AnniKa von Triers Hommage an die Collage für Hannah Höch – Foto: Promo

Ein ehemaliges Bahnwärterhäuschen mit Garten im nordwestlichsten Zipfel Reinickendorfs – was für eine Möglichkeit des Aus-der-Welt-Seins! Besonders wenn man während des Naziregimes besser unter dem Radar derer bleibt, denen die eigene Kunst als „entartet“ gilt.

In ihrem Heiligenseer Schlupfwinkel versteckte die Berliner Dadaistin Hannah Höch ihre Kunstwerke und die vieler befreundeter Künstler, indem sie sie in ihrem üppig wuchernden Garten vergrub. Und in dessen Gestaltung setzte die 1889 geborene Pionierin der Fotomontage die Kunstform der Collage kurzerhand im Arrangement von rund 800 Nutz- und Zierpflanzen fort. Der Garten war Höchs Inspirations- und bis zu ihrem Tod 1978 auch Nahrungsquelle.

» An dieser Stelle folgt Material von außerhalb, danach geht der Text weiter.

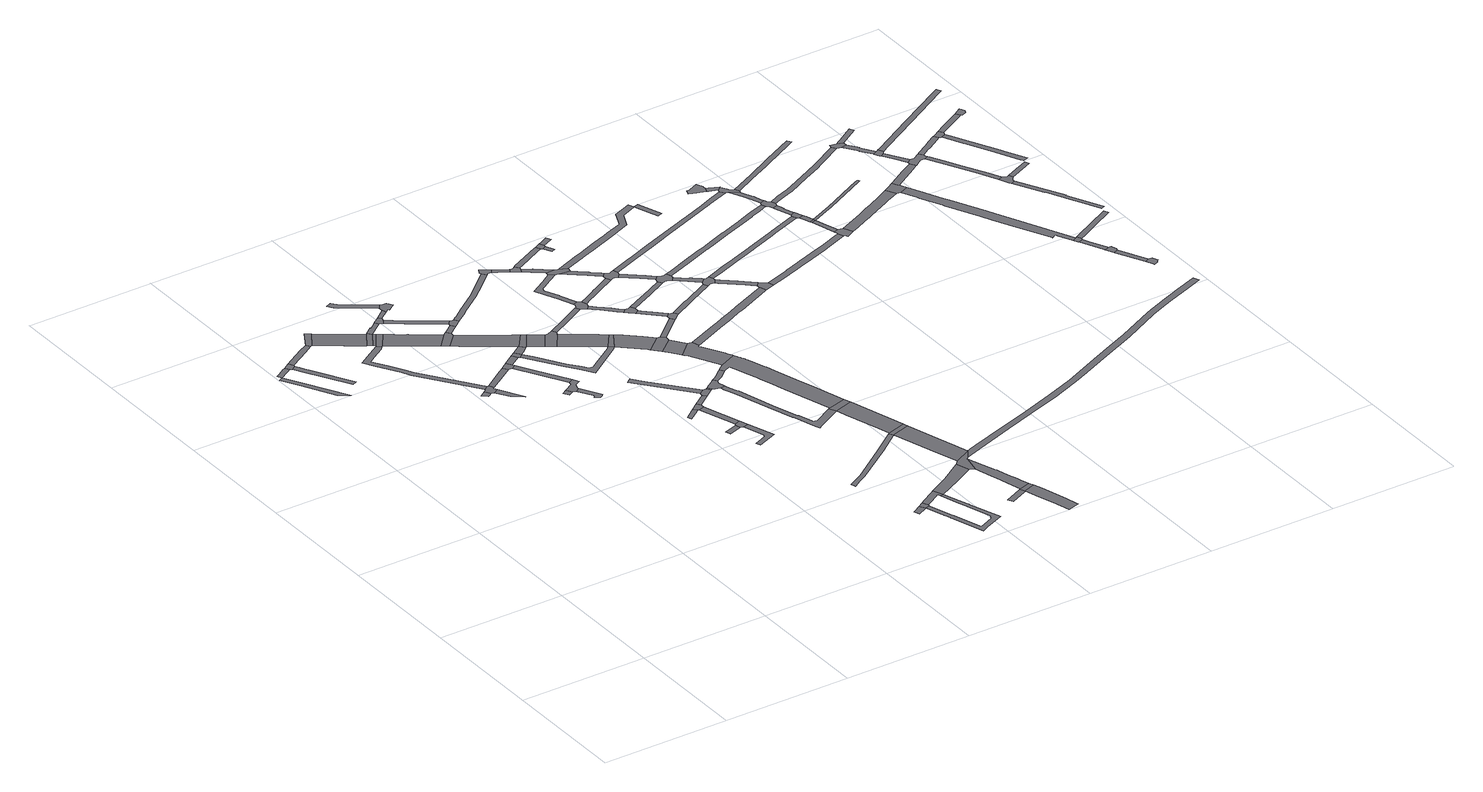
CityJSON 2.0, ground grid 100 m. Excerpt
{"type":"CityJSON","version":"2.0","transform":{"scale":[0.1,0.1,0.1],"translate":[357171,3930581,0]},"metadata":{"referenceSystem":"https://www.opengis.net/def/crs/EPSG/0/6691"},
"CityObjects":{
"road1":{"type":"Road","attributes":{"RoadStructureAttribute.sectionType":"1"},"geometry":[{"type":"MultiSurface","lod":"1","boundaries":[[[0,1,2,3,4,5]]]}]},
"road2":{"type":"Road","attributes":{"RoadStructureAttribute.sectionType":"1"},"geometry":[{"type":"MultiSurface","lod":"1","boundaries":[[[6,7,8,9,10,5,11,12,13,14,15,16,17,18,19,20]]]}]},
"road3":{"type":"Road","geometry":[{"type":"MultiSurface","lod":"1","boundaries":[[[19,21,22,23,24,25,20]]]}]},
"road4":{"type":"Road","attributes":{"RoadStructureAttribute.sectionType":"1"},"geometry":[{"type":"MultiSurface","lod":"1","boundaries":[[[26,27,28,29,30,31,32,33,34,23,22]]]}]},
"road5":{"type":"Road","attributes":{"RoadStructureAttribute.sectionType":"1"},"geometry":[{"type":"MultiSurface","lod":"1","boundaries":[[[24,35,36,37,38,39,25]]]}]},
"road6":{"type":"Road","geometry":[{"type":"MultiSurface","lod":"1","boundaries":[[[37,36,40,41,42]]]}]},
"road7":{"type":"Road","attributes":{"RoadStructureAttribute.sectionType":"1"},"geometry":[{"type":"MultiSurface","lod":"1","boundaries":[[[40,43,44,45,46,47,48,49,50,41]]]}]},
"road8":{"type":"Road","attributes":{"RoadStructureAttribute.sectionType":"1"},"geometry":[{"type":"MultiSurface","lod":"1","boundaries":[[[51,52,53,54,55,56,57,58,59,60,61,62,63,64,65]]]}]},
"road9":{"type":"Road","attributes":{"RoadStructureAttribute.sectionType":"1"},"geometry":[{"type":"MultiSurface","lod":"1","boundaries":[[[66,67,68,69,70]]]}]},
"road10":{"type":"Road","geometry":[{"type":"MultiSurface","lod":"1","boundaries":[[[49,71,72,73,50]]]}]},
"road11":{"type":"Road","geometry":[{"type":"MultiSurface","lod":"1","boundaries":[[[57,56,74,70,69,75,76,77,78,79]]]}]},
"road12":{"type":"Road","attributes":{"RoadStructureAttribute.sectionType":"1"},"geometry":[{"type":"MultiSurface","lod":"1","boundaries":[[[80,72,71,81,82,83]]]}]},
"road13":{"type":"Road","geometry":[{"type":"MultiSurface","lod":"1","boundaries":[[[65,64,84,85,80,83]]]}]},
"road14":{"type":"Road","attributes":{"RoadStructureAttribute.sectionType":"1"},"geometry":[{"type":"MultiSurface","lod":"1","boundaries":[[[75,86,87,88,89,76]]]}]},
"road15":{"type":"Road","attributes":{"RoadStructureAttribute.sectionType":"1"},"geometry":[{"type":"MultiSurface","lod":"1","boundaries":[[[90,91,92,93,94,73,72,95,96]]]}]},
"road16":{"type":"Road","attributes":{"RoadStructureAttribute.sectionType":"1"},"geometry":[{"type":"MultiSurface","lod":"1","boundaries":[[[78,97,98,99,100,101,79]]]}]},
"road17":{"type":"Road","attributes":{"RoadStructureAttribute.sectionType":"1"},"geometry":[{"type":"MultiSurface","lod":"1","boundaries":[[[102,103,104,105,106,107,108,109,110,111,112,113,114,115,85,84]]]}]},
"road18":{"type":"Road","geometry":[{"type":"MultiSurface","lod":"1","boundaries":[[[116,90,96,117,118,119,120,121]]]}]},
"road19":{"type":"Road","attributes":{"RoadStructureAttribute.sectionType":"1"},"geometry":[{"type":"MultiSurface","lod":"1","boundaries":[[[122,123,124,125,126,127,128,129,130,131,132]]]}]},
"road20":{"type":"Road","geometry":[{"type":"MultiSurface","lod":"1","boundaries":[[[133,134,135,136]]]}]},
"road21":{"type":"Road","attributes":{"RoadStructureAttribute.sectionType":"1"},"geometry":[{"type":"MultiSurface","lod":"1","boundaries":[[[137,116,121,138]]]}]},
"road22":{"type":"Road","geometry":[{"type":"MultiSurface","lod":"1","boundaries":[[[139,140,141,99,98,142,143]]]}]},
"road23":{"type":"Road","geometry":[{"type":"MultiSurface","lod":"1","boundaries":[[[107,106,144,145,146,147]]]}]},
"road24":{"type":"Road","attributes":{"RoadStructureAttribute.sectionType":"1"},"geometry":[{"type":"MultiSurface","lod":"1","boundaries":[[[148,149,150,151,152,153,154,155,156,157,158,159,160,161,162,163,164,119,118]]]}]},
"road25":{"type":"Road","attributes":{"RoadStructureAttribute.sectionType":"1"},"geometry":[{"type":"MultiSurface","lod":"1","boundaries":[[[165,166,143,142,167]]]}]},
"road26":{"type":"Road","geometry":[{"type":"MultiSurface","lod":"1","boundaries":[[[168,169,170,165,167,171,133,136,172,173]]]}]},
"road27":{"type":"Road","attributes":{"RoadStructureAttribute.sectionType":"1"},"geometry":[{"type":"MultiSurface","lod":"1","boundaries":[[[174,175,140,139,176]]]}]},
"road28":{"type":"Road","attributes":{"RoadStructureAttribute.sectionType":"1"},"geometry":[{"type":"MultiSurface","lod":"1","boundaries":[[[172,177,178,179,180,181,182,183,173]]]}]},
"road29":{"type":"Road","geometry":[{"type":"MultiSurface","lod":"1","boundaries":[[[131,137,138,184,185,186,187,188,189,132]]]}]},
"road30":{"type":"Road","attributes":{"RoadStructureAttribute.sectionType":"1"},"geometry":[{"type":"MultiSurface","lod":"1","boundaries":[[[147,146,190,191]]]}]},
"road31":{"type":"Road","geometry":[{"type":"MultiSurface","lod":"1","boundaries":[[[174,176,192,193,194,195]]]}]},
"road32":{"type":"Road","attributes":{"RoadStructureAttribute.sectionType":"1"},"geometry":[{"type":"MultiSurface","lod":"1","boundaries":[[[196,197,198,199,145,144,200,201,202]]]}]},
"road33":{"type":"Road","geometry":[{"type":"MultiSurface","lod":"1","boundaries":[[[190,203,204,205,206,156,155,191]]]}]},
"road34":{"type":"Road","attributes":{"RoadStructureAttribute.sectionType":"1"},"geometry":[{"type":"MultiSurface","lod":"1","boundaries":[[[195,194,207,208,202]]]}]},
"road35":{"type":"Road","attributes":{"RoadStructureAttribute.sectionType":"1"},"geometry":[{"type":"MultiSurface","lod":"1","boundaries":[[[209,210,211,212,213,214]]]}]},
"road36":{"type":"Road","geometry":[{"type":"MultiSurface","lod":"1","boundaries":[[[215,216,217,218]]]}]},
"road37":{"type":"Road","geometry":[{"type":"MultiSurface","lod":"1","boundaries":[[[219,220,196,202,208]]]}]},
"road38":{"type":"Road","geometry":[{"type":"MultiSurface","lod":"1","boundaries":[[[221,222,223,224,225]]]}]},
"road39":{"type":"Road","attributes":{"RoadStructureAttribute.sectionType":"1"},"geometry":[{"type":"MultiSurface","lod":"1","boundaries":[[[226,227,228,229,230,231,232,194,193,233,234,235,236,237,238,239,240]]]}]},
"road40":{"type":"Road","attributes":{"RoadStructureAttribute.sectionType":"1"},"geometry":[{"type":"MultiSurface","lod":"1","boundaries":[[[241,242,243,220,219,244,245]]]}]},
"road41":{"type":"Road","attributes":{"RoadStructureAttribute.sectionType":"1"},"geometry":[{"type":"MultiSurface","lod":"1","boundaries":[[[246,247,248,249,250,251,252]]]}]},
"road42":{"type":"Road","geometry":[{"type":"MultiSurface","lod":"1","boundaries":[[[253,254,209,214,255,256]]]}]},
"road43":{"type":"Road","attributes":{"RoadStructureAttribute.sectionType":"1"},"geometry":[{"type":"MultiSurface","lod":"1","boundaries":[[[255,257,258,256]]]}]},
"road44":{"type":"Road","geometry":[{"type":"MultiSurface","lod":"1","boundaries":[[[246,252,258,257,218,217]]]}]},
"road45":{"type":"Road","attributes":{"RoadStructureAttribute.sectionType":"1"},"geometry":[{"type":"MultiSurface","lod":"1","boundaries":[[[259,260,261,262,263,264,265,266,267,268,269,270,271,272,273,274,221,225,224,275,276,277,278,279,280,281,282,283,225,284,285,286,287,288,289,290,291,292,293,294,295,296,297,298]]]}]},
"road46":{"type":"Road","geometry":[{"type":"MultiSurface","lod":"1","boundaries":[[[299,300,301,302,303,241,245,304]]]}]},
"road47":{"type":"Road","attributes":{"RoadStructureAttribute.sectionType":"1"},"geometry":[{"type":"MultiSurface","lod":"1","boundaries":[[[305,306,307,308,309,310]]]}]},
"road48":{"type":"Road","geometry":[{"type":"MultiSurface","lod":"1","boundaries":[[[311,312,313,314,223,222,315,316,317,318,259,298]]]}]},
"road49":{"type":"Road","attributes":{"RoadStructureAttribute.sectionType":"1"},"geometry":[{"type":"MultiSurface","lod":"1","boundaries":[[[319,254,253,320]]]}]},
"road50":{"type":"Road","attributes":{"RoadStructureAttribute.sectionType":"1"},"geometry":[{"type":"MultiSurface","lod":"1","boundaries":[[[321,322,323,324,325,326,327,204,203,328,329,330,331,332,333,334,335]]]}]},
"road51":{"type":"Road","attributes":{"RoadStructureAttribute.sectionType":"1"},"geometry":[{"type":"MultiSurface","lod":"1","boundaries":[[[336,337,338,299,304,339,340,240]]]}]},
"road52":{"type":"Road","geometry":[{"type":"MultiSurface","lod":"1","boundaries":[[[309,319,320,341,342,310]]]}]},
"road53":{"type":"Road","attributes":{"RoadStructureAttribute.sectionType":"1"},"geometry":[{"type":"MultiSurface","lod":"1","boundaries":[[[343,344,342,341]]]}]},
"road54":{"type":"Road","geometry":[{"type":"MultiSurface","lod":"1","boundaries":[[[345,346,347,344,343,348,349,350,351,352,353,354]]]}]},
"road55":{"type":"Road","geometry":[{"type":"MultiSurface","lod":"1","boundaries":[[[336,240,239,355]]]}]},
"road56":{"type":"Road","attributes":{"RoadStructureAttribute.sectionType":"1"},"geometry":[{"type":"MultiSurface","lod":"1","boundaries":[[[356,357,358,302,301,359,360]]]}]},
"road57":{"type":"Road","attributes":{"RoadStructureAttribute.sectionType":"1"},"geometry":[{"type":"MultiSurface","lod":"1","boundaries":[[[361,362,363,364,365,366,367,368,369,370,371,372,361,373,374,375,376,377,378,379,380,381,382]]]}]},
"road58":{"type":"Road","attributes":{"RoadStructureAttribute.sectionType":"1"},"geometry":[{"type":"MultiSurface","lod":"1","boundaries":[[[383,384,385,386,387,311,298]]]}]},
"road59":{"type":"Road","attributes":{"RoadStructureAttribute.sectionType":"1"},"geometry":[{"type":"MultiSurface","lod":"1","boundaries":[[[239,388,389,390,391,392,393,355]]]}]},
"road60":{"type":"Road","attributes":{"RoadStructureAttribute.sectionType":"1"},"geometry":[{"type":"MultiSurface","lod":"1","boundaries":[[[394,395,396,397,354,353,398,399,400]]]}]},
"road61":{"type":"Road","geometry":[{"type":"MultiSurface","lod":"1","boundaries":[[[401,402,403,404,390,389]]]}]},
"road62":{"type":"Road","geometry":[{"type":"MultiSurface","lod":"1","boundaries":[[[321,335,405,406,407,408,409,410,411]]]}]},
"road63":{"type":"Road","attributes":{"RoadStructureAttribute.sectionType":"1"},"geometry":[{"type":"MultiSurface","lod":"1","boundaries":[[[412,413,414,415,416,417,418,419,420,421,350,349,422,423,424,425,426,427,428,429,430,431,432,433,434,435,436,437,432]]]}]},
"road64":{"type":"Road","geometry":[{"type":"MultiSurface","lod":"1","boundaries":[[[402,401,438,439,440]]]}]},
"road65":{"type":"Road","attributes":{"RoadStructureAttribute.sectionType":"1"},"geometry":[{"type":"MultiSurface","lod":"1","boundaries":[[[441,442,443,444,445,446,441,447,448,449,450,451,452,453,454,455]]]}]},
"road66":{"type":"Road","geometry":[{"type":"MultiSurface","lod":"1","boundaries":[[[456,457,458,459,460,461,462,463,464,356,360]]]}]},
"road67":{"type":"Road","attributes":{"RoadStructureAttribute.sectionType":"1"},"geometry":[{"type":"MultiSurface","lod":"1","boundaries":[[[465,408,407,466,467,468]]]}]},
"road68":{"type":"Road","attributes":{"RoadStructureAttribute.sectionType":"1"},"geometry":[{"type":"MultiSurface","lod":"1","boundaries":[[[469,470,471,472,473,474,475,476,462,461,477,478,479,480,481,482,483,484,485,486,487]]]}]},
"road69":{"type":"Road","geometry":[{"type":"MultiSurface","lod":"1","boundaries":[[[488,489,490,491,492,493,494,495,496,497,440,439,498,499]]]}]},
"road70":{"type":"Road","geometry":[{"type":"MultiSurface","lod":"1","boundaries":[[[500,501,442,441,455]]]}]},
"road71":{"type":"Road","attributes":{"RoadStructureAttribute.sectionType":"1"},"geometry":[{"type":"MultiSurface","lod":"1","boundaries":[[[502,503,504,505,506,507,508,509,510,511,512,513,514,515,516,517,518,519,520,521,522,523,524,525,526,527,528,489,488,529,394,400]]]}]},
"road72":{"type":"Road","geometry":[{"type":"MultiSurface","lod":"1","boundaries":[[[384,530,531,532,376,375,385]]]}]},
"road73":{"type":"Road","attributes":{"RoadStructureAttribute.sectionType":"1"},"geometry":[{"type":"MultiSurface","lod":"1","boundaries":[[[533,534,535,536,458,457,537,538,539,540]]]}]},
"road74":{"type":"Road","geometry":[{"type":"MultiSurface","lod":"1","boundaries":[[[467,541,542,543,544,545,546,547,468]]]}]},
"road75":{"type":"Road","attributes":{"RoadStructureAttribute.sectionType":"1"},"geometry":[{"type":"MultiSurface","lod":"1","boundaries":[[[530,548,549,550,501,500,551,552,553,554,555,556,531]]]}]},
"road76":{"type":"Road","geometry":[{"type":"MultiSurface","lod":"1","boundaries":[[[437,511,510,412,432]]]}]},
"road77":{"type":"Road","geometry":[{"type":"MultiSurface","lod":"1","boundaries":[[[362,361,382,436,435]]]}]},
"road78":{"type":"Road","attributes":{"RoadStructureAttribute.sectionType":"1"},"geometry":[{"type":"MultiSurface","lod":"1","boundaries":[[[403,557,558,559,404]]]}]},
"road79":{"type":"Road","geometry":[{"type":"MultiSurface","lod":"1","boundaries":[[[560,561,562,533,540,563,564,565]]]}]},
"road80":{"type":"Road","attributes":{"RoadStructureAttribute.sectionType":"1"},"geometry":[{"type":"MultiSurface","lod":"1","boundaries":[[[566,567,568,543,542,569,570,571,572]]]}]},
"road81":{"type":"Road","attributes":{"RoadStructureAttribute.sectionType":"1"},"geometry":[{"type":"MultiSurface","lod":"1","boundaries":[[[573,574,575,576,460,459,577,578,579,580,581,582]]]}]},
"road82":{"type":"Road","attributes":{"RoadStructureAttribute.sectionType":"1"},"geometry":[{"type":"MultiSurface","lod":"1","boundaries":[[[583,584,585,565,564,586,587,588]]]}]},
"road83":{"type":"Road","geometry":[{"type":"MultiSurface","lod":"1","boundaries":[[[589,590,591,566,572,487,486,592,593]]]}]},
"road84":{"type":"Road","attributes":{"RoadStructureAttribute.sectionType":"1"},"geometry":[{"type":"MultiSurface","lod":"1","boundaries":[[[594,595,596,597,598,599,545,544]]]}]},
"road85":{"type":"Road","geometry":[{"type":"MultiSurface","lod":"1","boundaries":[[[559,558,600,601,602,603,604,583,588]]]}]},
"road86":{"type":"Road","attributes":{"RoadStructureAttribute.sectionType":"1"},"geometry":[{"type":"MultiSurface","lod":"1","boundaries":[[[605,606,607,608,609,610,589,593,611,612,613,614,615]]]}]},
"road87":{"type":"Road","attributes":{"RoadStructureAttribute.sectionType":"1"},"geometry":[{"type":"MultiSurface","lod":"1","boundaries":[[[616,617,561,560,618,619,620,621]]]}]},
"road88":{"type":"Road","geometry":[{"type":"MultiSurface","lod":"1","boundaries":[[[622,623,624,597,596,625]]]}]},
"road89":{"type":"Road","geometry":[{"type":"MultiSurface","lod":"1","boundaries":[[[626,627,628,622,625]]]}]},
"road90":{"type":"Road","geometry":[{"type":"MultiSurface","lod":"1","boundaries":[[[581,629,630,631,632,633,634,635,636,637,638,605,615,582]]]}]},
"road91":{"type":"Road","attributes":{"RoadStructureAttribute.sectionType":"1"},"geometry":[{"type":"MultiSurface","lod":"1","boundaries":[[[623,639,640,641,642,624]]]}]},
"road92":{"type":"Road","attributes":{"RoadStructureAttribute.sectionType":"1"},"geometry":[{"type":"MultiSurface","lod":"1","boundaries":[[[496,643,644,645,646,647,648,649,650,651,652,653,654,655,656,497]]]}]},
"road93":{"type":"Road","attributes":{"RoadStructureAttribute.sectionType":"1"},"geometry":[{"type":"MultiSurface","lod":"1","boundaries":[[[657,658,659,660,661,662,603,602]]]}]},
"road94":{"type":"Road","attributes":{"RoadStructureAttribute.sectionType":"1"},"geometry":[{"type":"MultiSurface","lod":"1","boundaries":[[[663,664,633,632,665,666,667]]]}]},
"road95":{"type":"Road","geometry":[{"type":"MultiSurface","lod":"1","boundaries":[[[666,621,620,668,669,670,671,672,673,674,675,676,667]]]}]},
"road96":{"type":"Road","attributes":{"RoadStructureAttribute.sectionType":"1"},"geometry":[{"type":"MultiSurface","lod":"1","boundaries":[[[677,678,679,680,672,671,681,682,683]]]}]},
"road97":{"type":"Road","attributes":{"RoadStructureAttribute.sectionType":"1"},"geometry":[{"type":"MultiSurface","lod":"1","boundaries":[[[684,685,686,687,688,689,690,691,692,693,694,695,591,590,696,697,698,699,700,701,702,703,704]]]}]},
"road98":{"type":"Road","geometry":[{"type":"MultiSurface","lod":"1","boundaries":[[[682,660,659,705,706,707,708,709,710,683]]]}]},
"road99":{"type":"Road","attributes":{"RoadStructureAttribute.sectionType":"1"},"geometry":[{"type":"MultiSurface","lod":"1","boundaries":[[[706,711,712,713,714,715,716,717,718,719,707]]]}]},
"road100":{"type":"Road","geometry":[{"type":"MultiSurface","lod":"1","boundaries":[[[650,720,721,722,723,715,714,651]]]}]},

AnniKa von Trier hatte der Dadaistin bereits in ihrem Programm „Gerade jetzt!“ einen Text gewidmet, der nur aus Gewächsen besteht und Höch in die Seele blickt: „Ach, ich würde so gerne mit der Dreimasterblume in See stechen oder in die Bergenie. Verreise stattdessen in meinen Garten. Da blüh ich auch auf.“ Inspiriert bindet die Performerin und Sängerin in „Diptam Dada Digitalis oder Ich will mein Löwenmäulchen nicht halten“ der Höch nun zwischen 1960er-Jahre Fernseher, lindgrünem Akkordeon und Theremin einen ganzen Strauß.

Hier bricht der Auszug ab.